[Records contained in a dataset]
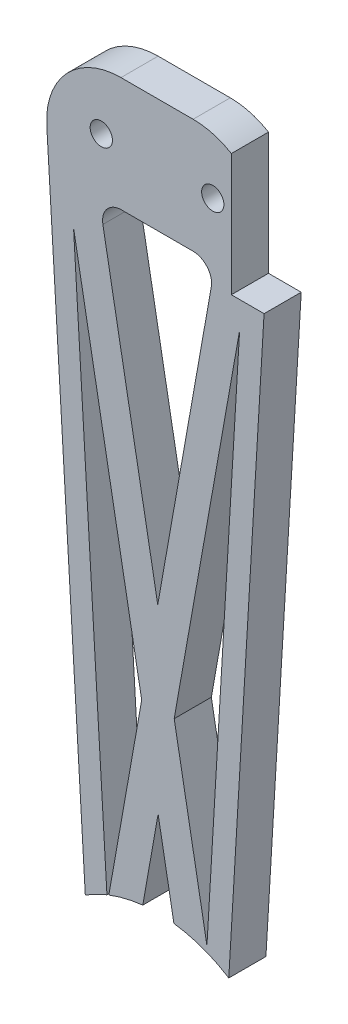
ISO-10303-21;
HEADER;
FILE_DESCRIPTION(('STEP AP214'),'2;1');
FILE_NAME('part.step','',(''),(''),'','','');
FILE_SCHEMA(('AUTOMOTIVE_DESIGN { 1 0 10303 214 1 1 1 1 }'));
ENDSEC;
DATA;
#1=APPLICATION_CONTEXT('core data for automotive mechanical design processes');
#2=APPLICATION_PROTOCOL_DEFINITION('international standard','automotive_design',2000,#1);
#3=PRODUCT_CONTEXT('',#1,'mechanical');
#4=PRODUCT('Part','Part','',(#3));
#5=PRODUCT_RELATED_PRODUCT_CATEGORY('part','',(#4));
#6=PRODUCT_DEFINITION_FORMATION('','',#4);
#7=PRODUCT_DEFINITION_CONTEXT('part definition',#1,'design');
#8=PRODUCT_DEFINITION('design','',#6,#7);
#9=PRODUCT_DEFINITION_SHAPE('','',#8);
#10=(LENGTH_UNIT() NAMED_UNIT(*) SI_UNIT(.MILLI.,.METRE.));
#11=(NAMED_UNIT(*) PLANE_ANGLE_UNIT() SI_UNIT($,.RADIAN.));
#12=(NAMED_UNIT(*) SI_UNIT($,.STERADIAN.) SOLID_ANGLE_UNIT());
#13=UNCERTAINTY_MEASURE_WITH_UNIT(LENGTH_MEASURE(1.E-05),#10,'distance_accuracy_value','');
#14=(GEOMETRIC_REPRESENTATION_CONTEXT(3) GLOBAL_UNCERTAINTY_ASSIGNED_CONTEXT((#13)) GLOBAL_UNIT_ASSIGNED_CONTEXT((#10,
#11,#12)) REPRESENTATION_CONTEXT('',''));
#15=CARTESIAN_POINT('',(0.,0.,0.));
#16=DIRECTION('',(0.,0.,1.));
#17=DIRECTION('',(1.,0.,0.));
#18=AXIS2_PLACEMENT_3D('',#15,#16,#17);
#19=CARTESIAN_POINT('',(0.,0.,10.));
#20=DIRECTION('',(0.,0.,1.));
#21=DIRECTION('',(1.,0.,0.));
#22=AXIS2_PLACEMENT_3D('',#19,#20,#21);
#23=PLANE('',#22);
#24=CARTESIAN_POINT('',(15.,0.,10.));
#25=DIRECTION('',(0.,0.,1.));
#26=DIRECTION('',(1.,0.,0.));
#27=AXIS2_PLACEMENT_3D('',#24,#25,#26);
#28=CIRCLE('',#27,3.);
#29=CARTESIAN_POINT('',(18.,0.,10.));
#30=VERTEX_POINT('',#29);
#31=EDGE_CURVE('E405',#30,#30,#28,.T.);
#32=ORIENTED_EDGE('',*,*,#31,.F.);
#33=EDGE_LOOP('',(#32));
#34=FACE_BOUND('',#33,.T.);
#35=CARTESIAN_POINT('',(-15.,0.,10.));
#36=DIRECTION('',(0.,0.,1.));
#37=DIRECTION('',(1.,0.,0.));
#38=AXIS2_PLACEMENT_3D('',#35,#36,#37);
#39=CIRCLE('',#38,3.);
#40=CARTESIAN_POINT('',(-12.,0.,10.));
#41=VERTEX_POINT('',#40);
#42=EDGE_CURVE('E408',#41,#41,#39,.T.);
#43=ORIENTED_EDGE('',*,*,#42,.F.);
#44=EDGE_LOOP('',(#43));
#45=FACE_BOUND('',#44,.T.);
#46=DIRECTION('',(0.174574666070561,0.984643938673444,0.));
#47=VECTOR('',#46,1.);
#48=CARTESIAN_POINT('',(17.7452712206691,-3.14618785126878,10.));
#49=LINE('',#48,#47);
#50=CARTESIAN_POINT('',(0.190220551076297,-102.160979768059,10.));
#51=VERTEX_POINT('',#50);
#52=CARTESIAN_POINT('',(14.6023785703389,-20.8728733303528,10.));
#53=VERTEX_POINT('',#52);
#54=EDGE_CURVE('E387',#51,#53,#49,.T.);
#55=ORIENTED_EDGE('',*,*,#54,.F.);
#56=DIRECTION('',(-0.178826073356073,0.983880701857724,0.));
#57=VECTOR('',#56,1.);
#58=CARTESIAN_POINT('',(-17.7904251161172,-3.23351384049256,10.));
#59=LINE('',#58,#57);
#60=CARTESIAN_POINT('',(-14.5805047462184,-20.8941303667804,10.));
#61=VERTEX_POINT('',#60);
#62=EDGE_CURVE('E349',#51,#61,#59,.T.);
#63=ORIENTED_EDGE('',*,*,#62,.T.);
#64=CARTESIAN_POINT('',(-9.66110123692979,-20.,10.));
#65=DIRECTION('',(0.,0.,1.));
#66=DIRECTION('',(1.,0.,0.));
#67=AXIS2_PLACEMENT_3D('',#64,#65,#66);
#68=CIRCLE('',#67,5.);
#69=CARTESIAN_POINT('',(-9.66110123692979,-15.,10.));
#70=VERTEX_POINT('',#69);
#71=EDGE_CURVE('E447',#61,#70,#68,.F.);
#72=ORIENTED_EDGE('',*,*,#71,.T.);
#73=DIRECTION('',(1.,0.,0.));
#74=VECTOR('',#73,1.);
#75=CARTESIAN_POINT('',(0.,-15.,10.));
#76=LINE('',#75,#74);
#77=CARTESIAN_POINT('',(9.67915887697167,-15.,10.));
#78=VERTEX_POINT('',#77);
#79=EDGE_CURVE('E378',#70,#78,#76,.T.);
#80=ORIENTED_EDGE('',*,*,#79,.T.);
#81=CARTESIAN_POINT('',(9.67915887697167,-20.,10.));
#82=DIRECTION('',(0.,0.,1.));
#83=DIRECTION('',(1.,0.,0.));
#84=AXIS2_PLACEMENT_3D('',#81,#82,#83);
#85=CIRCLE('',#84,5.);
#86=EDGE_CURVE('E115',#78,#53,#85,.F.);
#87=ORIENTED_EDGE('',*,*,#86,.T.);
#88=EDGE_LOOP('',(#55,#63,#72,#80,#87));
#89=FACE_BOUND('',#88,.T.);
#90=DIRECTION('',(-0.178826073356073,0.983880701857724,0.));
#91=VECTOR('',#90,1.);
#92=CARTESIAN_POINT('',(-17.7904251161172,-3.23351384049256,10.));
#93=LINE('',#92,#91);
#94=CARTESIAN_POINT('',(13.4301626709257,-175.005634358752,10.));
#95=VERTEX_POINT('',#94);
#96=CARTESIAN_POINT('',(4.61598635326493,-126.511039476885,10.));
#97=VERTEX_POINT('',#96);
#98=EDGE_CURVE('E363',#95,#97,#93,.T.);
#99=ORIENTED_EDGE('',*,*,#98,.T.);
#100=DIRECTION('',(0.174574666070561,0.984643938673444,0.));
#101=VECTOR('',#100,1.);
#102=CARTESIAN_POINT('',(26.2217824014059,-4.64905000346376,10.));
#103=LINE('',#102,#101);
#104=CARTESIAN_POINT('',(22.2304198411749,-27.1613138985647,10.));
#105=VERTEX_POINT('',#104);
#106=EDGE_CURVE('E329',#97,#105,#103,.T.);
#107=ORIENTED_EDGE('',*,*,#106,.T.);
#108=DIRECTION('',(-0.0594186399842153,-0.998233151734817,0.));
#109=VECTOR('',#108,1.);
#110=CARTESIAN_POINT('',(23.7629705178262,-1.41446253082299,10.));
#111=LINE('',#110,#109);
#112=EDGE_CURVE('E355',#105,#95,#111,.T.);
#113=ORIENTED_EDGE('',*,*,#112,.T.);
#114=EDGE_LOOP('',(#99,#107,#113));
#115=FACE_BOUND('',#114,.T.);
#116=DIRECTION('',(-0.0594186399842153,-0.998233151734817,0.));
#117=VECTOR('',#116,1.);
#118=CARTESIAN_POINT('',(29.8940827566728,-1.77940968789719,10.));
#119=LINE('',#118,#117);
#120=CARTESIAN_POINT('',(28.8095238095238,-20.,10.));
#121=VERTEX_POINT('',#120);
#122=CARTESIAN_POINT('',(19.3085635130686,-179.616132980448,10.));
#123=VERTEX_POINT('',#122);
#124=EDGE_CURVE('E398',#121,#123,#119,.T.);
#125=ORIENTED_EDGE('',*,*,#124,.F.);
#126=DIRECTION('',(-1.,0.,0.));
#127=VECTOR('',#126,1.);
#128=CARTESIAN_POINT('',(0.,-20.,10.));
#129=LINE('',#128,#127);
#130=CARTESIAN_POINT('',(20.,-20.,10.));
#131=VERTEX_POINT('',#130);
#132=EDGE_CURVE('E281',#121,#131,#129,.T.);
#133=ORIENTED_EDGE('',*,*,#132,.T.);
#134=DIRECTION('',(0.,-1.,0.));
#135=VECTOR('',#134,1.);
#136=CARTESIAN_POINT('',(20.,0.,10.));
#137=LINE('',#136,#135);
#138=CARTESIAN_POINT('',(20.,12.9219237424976,10.));
#139=VERTEX_POINT('',#138);
#140=EDGE_CURVE('E274',#139,#131,#137,.T.);
#141=ORIENTED_EDGE('',*,*,#140,.F.);
#142=CARTESIAN_POINT('',(9.71283934950197,-4.22958714578407,10.));
#143=DIRECTION('',(0.,0.,1.));
#144=DIRECTION('',(1.,0.,0.));
#145=AXIS2_PLACEMENT_3D('',#142,#143,#144);
#146=CIRCLE('',#145,20.);
#147=CARTESIAN_POINT('',(9.71283934950197,15.7704128542159,10.));
#148=VERTEX_POINT('',#147);
#149=EDGE_CURVE('E435',#139,#148,#146,.T.);
#150=ORIENTED_EDGE('',*,*,#149,.T.);
#151=DIRECTION('',(1.,0.,0.));
#152=VECTOR('',#151,1.);
#153=CARTESIAN_POINT('',(0.,15.7704128542159,10.));
#154=LINE('',#153,#152);
#155=CARTESIAN_POINT('',(-9.71283934950197,15.7704128542159,10.));
#156=VERTEX_POINT('',#155);
#157=EDGE_CURVE('E402',#156,#148,#154,.T.);
#158=ORIENTED_EDGE('',*,*,#157,.F.);
#159=CARTESIAN_POINT('',(-9.71283934950197,-4.22958714578407,10.));
#160=DIRECTION('',(0.,0.,1.));
#161=DIRECTION('',(1.,0.,0.));
#162=AXIS2_PLACEMENT_3D('',#159,#160,#161);
#163=CIRCLE('',#162,20.);
#164=CARTESIAN_POINT('',(-29.6775023841983,-5.41795994546837,10.));
#165=VERTEX_POINT('',#164);
#166=EDGE_CURVE('E429',#156,#165,#163,.T.);
#167=ORIENTED_EDGE('',*,*,#166,.T.);
#168=DIRECTION('',(0.0594186399842153,-0.998233151734817,0.));
#169=VECTOR('',#168,1.);
#170=CARTESIAN_POINT('',(-29.8940827566728,-1.77940968789719,10.));
#171=LINE('',#170,#169);
#172=CARTESIAN_POINT('',(-19.3085635130686,-179.616132980448,10.));
#173=VERTEX_POINT('',#172);
#174=EDGE_CURVE('E395',#165,#173,#171,.T.);
#175=ORIENTED_EDGE('',*,*,#174,.T.);
#176=CARTESIAN_POINT('',(0.,-210.,10.));
#177=DIRECTION('',(0.,0.,1.));
#178=DIRECTION('',(1.,0.,0.));
#179=AXIS2_PLACEMENT_3D('',#176,#177,#178);
#180=CIRCLE('',#179,36.);
#181=CARTESIAN_POINT('',(-13.4867994081427,-176.621769943202,10.));
#182=VERTEX_POINT('',#181);
#183=EDGE_CURVE('E302',#182,#173,#180,.T.);
#184=ORIENTED_EDGE('',*,*,#183,.F.);
#185=DIRECTION('',(-0.0594186399842153,0.998233151734817,0.));
#186=VECTOR('',#185,1.);
#187=CARTESIAN_POINT('',(-23.9152662053382,-1.42352775031775,10.));
#188=LINE('',#187,#186);
#189=CARTESIAN_POINT('',(-22.4730270714025,-25.6531452004381,10.));
#190=VERTEX_POINT('',#189);
#191=EDGE_CURVE('E339',#182,#190,#188,.T.);
#192=ORIENTED_EDGE('',*,*,#191,.T.);
#193=DIRECTION('',(-0.178826073356073,0.983880701857724,0.));
#194=VECTOR('',#193,1.);
#195=CARTESIAN_POINT('',(-26.2678721622271,-4.77433943497515,10.));
#196=LINE('',#195,#194);
#197=CARTESIAN_POINT('',(-4.13415620386734,-126.551525407566,10.));
#198=VERTEX_POINT('',#197);
#199=EDGE_CURVE('E333',#198,#190,#196,.T.);
#200=ORIENTED_EDGE('',*,*,#199,.F.);
#201=DIRECTION('',(0.174574666070561,0.984643938673444,0.));
#202=VECTOR('',#201,1.);
#203=CARTESIAN_POINT('',(17.7452712206691,-3.14618785126878,10.));
#204=LINE('',#203,#202);
#205=CARTESIAN_POINT('',(-12.9756578020108,-176.419763184201,10.));
#206=VERTEX_POINT('',#205);
#207=EDGE_CURVE('E341',#206,#198,#204,.T.);
#208=ORIENTED_EDGE('',*,*,#207,.F.);
#209=CARTESIAN_POINT('',(0.,-210.,10.));
#210=DIRECTION('',(0.,0.,1.));
#211=DIRECTION('',(1.,0.,0.));
#212=AXIS2_PLACEMENT_3D('',#209,#210,#211);
#213=CIRCLE('',#212,36.);
#214=CARTESIAN_POINT('',(-3.84009202515425,-174.205395752455,10.));
#215=VERTEX_POINT('',#214);
#216=EDGE_CURVE('E300',#215,#206,#213,.T.);
#217=ORIENTED_EDGE('',*,*,#216,.F.);
#218=DIRECTION('',(0.174574666070561,0.984643938673444,0.));
#219=VECTOR('',#218,1.);
#220=CARTESIAN_POINT('',(26.2217824014059,-4.64905000346376,10.));
#221=LINE('',#220,#219);
#222=CARTESIAN_POINT('',(0.29160959832128,-150.901585116392,10.));
#223=VERTEX_POINT('',#222);
#224=EDGE_CURVE('E321',#215,#223,#221,.T.);
#225=ORIENTED_EDGE('',*,*,#224,.T.);
#226=DIRECTION('',(-0.178826073356073,0.983880701857724,0.));
#227=VECTOR('',#226,1.);
#228=CARTESIAN_POINT('',(-26.2678721622271,-4.77433943497515,10.));
#229=LINE('',#228,#227);
#230=CARTESIAN_POINT('',(4.54217202074157,-174.287695771149,10.));
#231=VERTEX_POINT('',#230);
#232=EDGE_CURVE('E287',#231,#223,#229,.T.);
#233=ORIENTED_EDGE('',*,*,#232,.F.);
#234=CARTESIAN_POINT('',(0.,-210.,10.));
#235=DIRECTION('',(0.,0.,1.));
#236=DIRECTION('',(1.,0.,0.));
#237=AXIS2_PLACEMENT_3D('',#234,#235,#236);
#238=CIRCLE('',#237,36.);
#239=EDGE_CURVE('E130',#123,#231,#238,.T.);
#240=ORIENTED_EDGE('',*,*,#239,.F.);
#241=EDGE_LOOP('',(#125,#133,#141,#150,#158,#167,#175,#184,#192,#200,#208,#217,#225,#233,#240));
#242=FACE_BOUND('',#241,.T.);
#243=ADVANCED_FACE('F107',(#34,#45,#89,#115,#242),#23,.T.);
#244=CARTESIAN_POINT('',(0.,0.,0.));
#245=DIRECTION('',(0.,0.,1.));
#246=DIRECTION('',(1.,0.,0.));
#247=AXIS2_PLACEMENT_3D('',#244,#245,#246);
#248=PLANE('',#247);
#249=CARTESIAN_POINT('',(-15.,0.,0.));
#250=DIRECTION('',(0.,0.,1.));
#251=DIRECTION('',(1.,0.,0.));
#252=AXIS2_PLACEMENT_3D('',#249,#250,#251);
#253=CIRCLE('',#252,3.);
#254=CARTESIAN_POINT('',(-12.,0.,0.));
#255=VERTEX_POINT('',#254);
#256=EDGE_CURVE('E399',#255,#255,#253,.T.);
#257=ORIENTED_EDGE('',*,*,#256,.T.);
#258=EDGE_LOOP('',(#257));
#259=FACE_BOUND('',#258,.T.);
#260=CARTESIAN_POINT('',(15.,0.,0.));
#261=DIRECTION('',(0.,0.,1.));
#262=DIRECTION('',(1.,0.,0.));
#263=AXIS2_PLACEMENT_3D('',#260,#261,#262);
#264=CIRCLE('',#263,3.);
#265=CARTESIAN_POINT('',(18.,0.,0.));
#266=VERTEX_POINT('',#265);
#267=EDGE_CURVE('E418',#266,#266,#264,.T.);
#268=ORIENTED_EDGE('',*,*,#267,.T.);
#269=EDGE_LOOP('',(#268));
#270=FACE_BOUND('',#269,.T.);
#271=DIRECTION('',(-0.178826073356073,0.983880701857724,0.));
#272=VECTOR('',#271,1.);
#273=CARTESIAN_POINT('',(-17.7904251161172,-3.23351384049256,0.));
#274=LINE('',#273,#272);
#275=CARTESIAN_POINT('',(0.190220551076304,-102.160979768059,0.));
#276=VERTEX_POINT('',#275);
#277=CARTESIAN_POINT('',(-14.5805047462184,-20.8941303667804,0.));
#278=VERTEX_POINT('',#277);
#279=EDGE_CURVE('E374',#276,#278,#274,.T.);
#280=ORIENTED_EDGE('',*,*,#279,.F.);
#281=DIRECTION('',(0.174574666070561,0.984643938673444,0.));
#282=VECTOR('',#281,1.);
#283=CARTESIAN_POINT('',(17.7452712206691,-3.14618785126878,0.));
#284=LINE('',#283,#282);
#285=CARTESIAN_POINT('',(14.6023785703389,-20.8728733303528,0.));
#286=VERTEX_POINT('',#285);
#287=EDGE_CURVE('E377',#276,#286,#284,.T.);
#288=ORIENTED_EDGE('',*,*,#287,.T.);
#289=CARTESIAN_POINT('',(9.67915887697167,-20.,0.));
#290=DIRECTION('',(0.,0.,1.));
#291=DIRECTION('',(1.,0.,0.));
#292=AXIS2_PLACEMENT_3D('',#289,#290,#291);
#293=CIRCLE('',#292,5.);
#294=CARTESIAN_POINT('',(9.67915887697167,-15.,0.));
#295=VERTEX_POINT('',#294);
#296=EDGE_CURVE('E12',#286,#295,#293,.T.);
#297=ORIENTED_EDGE('',*,*,#296,.T.);
#298=DIRECTION('',(1.,0.,0.));
#299=VECTOR('',#298,1.);
#300=CARTESIAN_POINT('',(0.,-15.,0.));
#301=LINE('',#300,#299);
#302=CARTESIAN_POINT('',(-9.66110123692979,-15.,0.));
#303=VERTEX_POINT('',#302);
#304=EDGE_CURVE('E381',#303,#295,#301,.T.);
#305=ORIENTED_EDGE('',*,*,#304,.F.);
#306=CARTESIAN_POINT('',(-9.66110123692979,-20.,0.));
#307=DIRECTION('',(0.,0.,1.));
#308=DIRECTION('',(1.,0.,0.));
#309=AXIS2_PLACEMENT_3D('',#306,#307,#308);
#310=CIRCLE('',#309,5.);
#311=EDGE_CURVE('E449',#303,#278,#310,.T.);
#312=ORIENTED_EDGE('',*,*,#311,.T.);
#313=EDGE_LOOP('',(#280,#288,#297,#305,#312));
#314=FACE_BOUND('',#313,.T.);
#315=DIRECTION('',(0.174574666070561,0.984643938673444,0.));
#316=VECTOR('',#315,1.);
#317=CARTESIAN_POINT('',(26.2217824014059,-4.64905000346376,0.));
#318=LINE('',#317,#316);
#319=CARTESIAN_POINT('',(4.61598635326493,-126.511039476885,0.));
#320=VERTEX_POINT('',#319);
#321=CARTESIAN_POINT('',(22.2304198411749,-27.1613138985647,0.));
#322=VERTEX_POINT('',#321);
#323=EDGE_CURVE('E352',#320,#322,#318,.T.);
#324=ORIENTED_EDGE('',*,*,#323,.F.);
#325=DIRECTION('',(-0.178826073356073,0.983880701857724,0.));
#326=VECTOR('',#325,1.);
#327=CARTESIAN_POINT('',(-17.7904251161172,-3.23351384049256,0.));
#328=LINE('',#327,#326);
#329=CARTESIAN_POINT('',(13.4301626709257,-175.005634358752,0.));
#330=VERTEX_POINT('',#329);
#331=EDGE_CURVE('E354',#330,#320,#328,.T.);
#332=ORIENTED_EDGE('',*,*,#331,.F.);
#333=DIRECTION('',(-0.0594186399842153,-0.998233151734817,0.));
#334=VECTOR('',#333,1.);
#335=CARTESIAN_POINT('',(23.7629705178262,-1.41446253082299,0.));
#336=LINE('',#335,#334);
#337=EDGE_CURVE('E357',#322,#330,#336,.T.);
#338=ORIENTED_EDGE('',*,*,#337,.F.);
#339=EDGE_LOOP('',(#324,#332,#338));
#340=FACE_BOUND('',#339,.T.);
#341=DIRECTION('',(-1.,0.,0.));
#342=VECTOR('',#341,1.);
#343=CARTESIAN_POINT('',(0.,-20.,0.));
#344=LINE('',#343,#342);
#345=CARTESIAN_POINT('',(28.8095238095238,-20.,0.));
#346=VERTEX_POINT('',#345);
#347=CARTESIAN_POINT('',(20.,-20.,0.));
#348=VERTEX_POINT('',#347);
#349=EDGE_CURVE('E261',#346,#348,#344,.T.);
#350=ORIENTED_EDGE('',*,*,#349,.F.);
#351=DIRECTION('',(-0.0594186399842153,-0.998233151734817,0.));
#352=VECTOR('',#351,1.);
#353=CARTESIAN_POINT('',(29.8940827566728,-1.77940968789719,0.));
#354=LINE('',#353,#352);
#355=CARTESIAN_POINT('',(19.3085635130686,-179.616132980448,0.));
#356=VERTEX_POINT('',#355);
#357=EDGE_CURVE('E414',#346,#356,#354,.T.);
#358=ORIENTED_EDGE('',*,*,#357,.T.);
#359=CARTESIAN_POINT('',(0.,-210.,0.));
#360=DIRECTION('',(0.,0.,1.));
#361=DIRECTION('',(1.,0.,0.));
#362=AXIS2_PLACEMENT_3D('',#359,#360,#361);
#363=CIRCLE('',#362,36.);
#364=CARTESIAN_POINT('',(4.54217202074156,-174.287695771149,0.));
#365=VERTEX_POINT('',#364);
#366=EDGE_CURVE('E296',#356,#365,#363,.T.);
#367=ORIENTED_EDGE('',*,*,#366,.T.);
#368=DIRECTION('',(-0.178826073356073,0.983880701857724,0.));
#369=VECTOR('',#368,1.);
#370=CARTESIAN_POINT('',(-26.2678721622271,-4.77433943497515,0.));
#371=LINE('',#370,#369);
#372=CARTESIAN_POINT('',(0.291609598321283,-150.901585116392,0.));
#373=VERTEX_POINT('',#372);
#374=EDGE_CURVE('E317',#365,#373,#371,.T.);
#375=ORIENTED_EDGE('',*,*,#374,.T.);
#376=DIRECTION('',(0.174574666070561,0.984643938673444,0.));
#377=VECTOR('',#376,1.);
#378=CARTESIAN_POINT('',(26.2217824014059,-4.64905000346376,0.));
#379=LINE('',#378,#377);
#380=CARTESIAN_POINT('',(-3.84009202515425,-174.205395752455,0.));
#381=VERTEX_POINT('',#380);
#382=EDGE_CURVE('E320',#381,#373,#379,.T.);
#383=ORIENTED_EDGE('',*,*,#382,.F.);
#384=CARTESIAN_POINT('',(0.,-210.,0.));
#385=DIRECTION('',(0.,0.,1.));
#386=DIRECTION('',(1.,0.,0.));
#387=AXIS2_PLACEMENT_3D('',#384,#385,#386);
#388=CIRCLE('',#387,36.);
#389=CARTESIAN_POINT('',(-12.9756578020108,-176.419763184201,0.));
#390=VERTEX_POINT('',#389);
#391=EDGE_CURVE('E290',#381,#390,#388,.T.);
#392=ORIENTED_EDGE('',*,*,#391,.T.);
#393=DIRECTION('',(0.174574666070561,0.984643938673444,0.));
#394=VECTOR('',#393,1.);
#395=CARTESIAN_POINT('',(17.7452712206691,-3.14618785126878,0.));
#396=LINE('',#395,#394);
#397=CARTESIAN_POINT('',(-4.13415620386734,-126.551525407566,0.));
#398=VERTEX_POINT('',#397);
#399=EDGE_CURVE('E332',#390,#398,#396,.T.);
#400=ORIENTED_EDGE('',*,*,#399,.T.);
#401=DIRECTION('',(-0.178826073356073,0.983880701857724,0.));
#402=VECTOR('',#401,1.);
#403=CARTESIAN_POINT('',(-26.2678721622271,-4.77433943497515,0.));
#404=LINE('',#403,#402);
#405=CARTESIAN_POINT('',(-22.4730270714025,-25.6531452004381,0.));
#406=VERTEX_POINT('',#405);
#407=EDGE_CURVE('E335',#398,#406,#404,.T.);
#408=ORIENTED_EDGE('',*,*,#407,.T.);
#409=DIRECTION('',(-0.0594186399842153,0.998233151734817,0.));
#410=VECTOR('',#409,1.);
#411=CARTESIAN_POINT('',(-23.9152662053382,-1.42352775031775,0.));
#412=LINE('',#411,#410);
#413=CARTESIAN_POINT('',(-13.4867994081427,-176.621769943202,0.));
#414=VERTEX_POINT('',#413);
#415=EDGE_CURVE('E330',#414,#406,#412,.T.);
#416=ORIENTED_EDGE('',*,*,#415,.F.);
#417=CARTESIAN_POINT('',(0.,-210.,0.));
#418=DIRECTION('',(0.,0.,1.));
#419=DIRECTION('',(1.,0.,0.));
#420=AXIS2_PLACEMENT_3D('',#417,#418,#419);
#421=CIRCLE('',#420,36.);
#422=CARTESIAN_POINT('',(-19.3085635130686,-179.616132980448,0.));
#423=VERTEX_POINT('',#422);
#424=EDGE_CURVE('E293',#414,#423,#421,.T.);
#425=ORIENTED_EDGE('',*,*,#424,.T.);
#426=DIRECTION('',(0.0594186399842153,-0.998233151734817,0.));
#427=VECTOR('',#426,1.);
#428=CARTESIAN_POINT('',(-29.8940827566728,-1.77940968789719,0.));
#429=LINE('',#428,#427);
#430=CARTESIAN_POINT('',(-29.6775023841983,-5.41795994546837,0.));
#431=VERTEX_POINT('',#430);
#432=EDGE_CURVE('E394',#431,#423,#429,.T.);
#433=ORIENTED_EDGE('',*,*,#432,.F.);
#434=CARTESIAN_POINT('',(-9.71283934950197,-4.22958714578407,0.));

• About this task: Give back, word for word, only the lines above from the line holding "#116=DIRECTION('',(-0.0594186399842153,-0.998233151734817,0.));" to the line holding "#128=CARTESIAN_POINT('',(0.,-20.,10.));", both included.

• Result:
#116=DIRECTION('',(-0.0594186399842153,-0.998233151734817,0.));
#117=VECTOR('',#116,1.);
#118=CARTESIAN_POINT('',(29.8940827566728,-1.77940968789719,10.));
#119=LINE('',#118,#117);
#120=CARTESIAN_POINT('',(28.8095238095238,-20.,10.));
#121=VERTEX_POINT('',#120);
#122=CARTESIAN_POINT('',(19.3085635130686,-179.616132980448,10.));
#123=VERTEX_POINT('',#122);
#124=EDGE_CURVE('E398',#121,#123,#119,.T.);
#125=ORIENTED_EDGE('',*,*,#124,.F.);
#126=DIRECTION('',(-1.,0.,0.));
#127=VECTOR('',#126,1.);
#128=CARTESIAN_POINT('',(0.,-20.,10.));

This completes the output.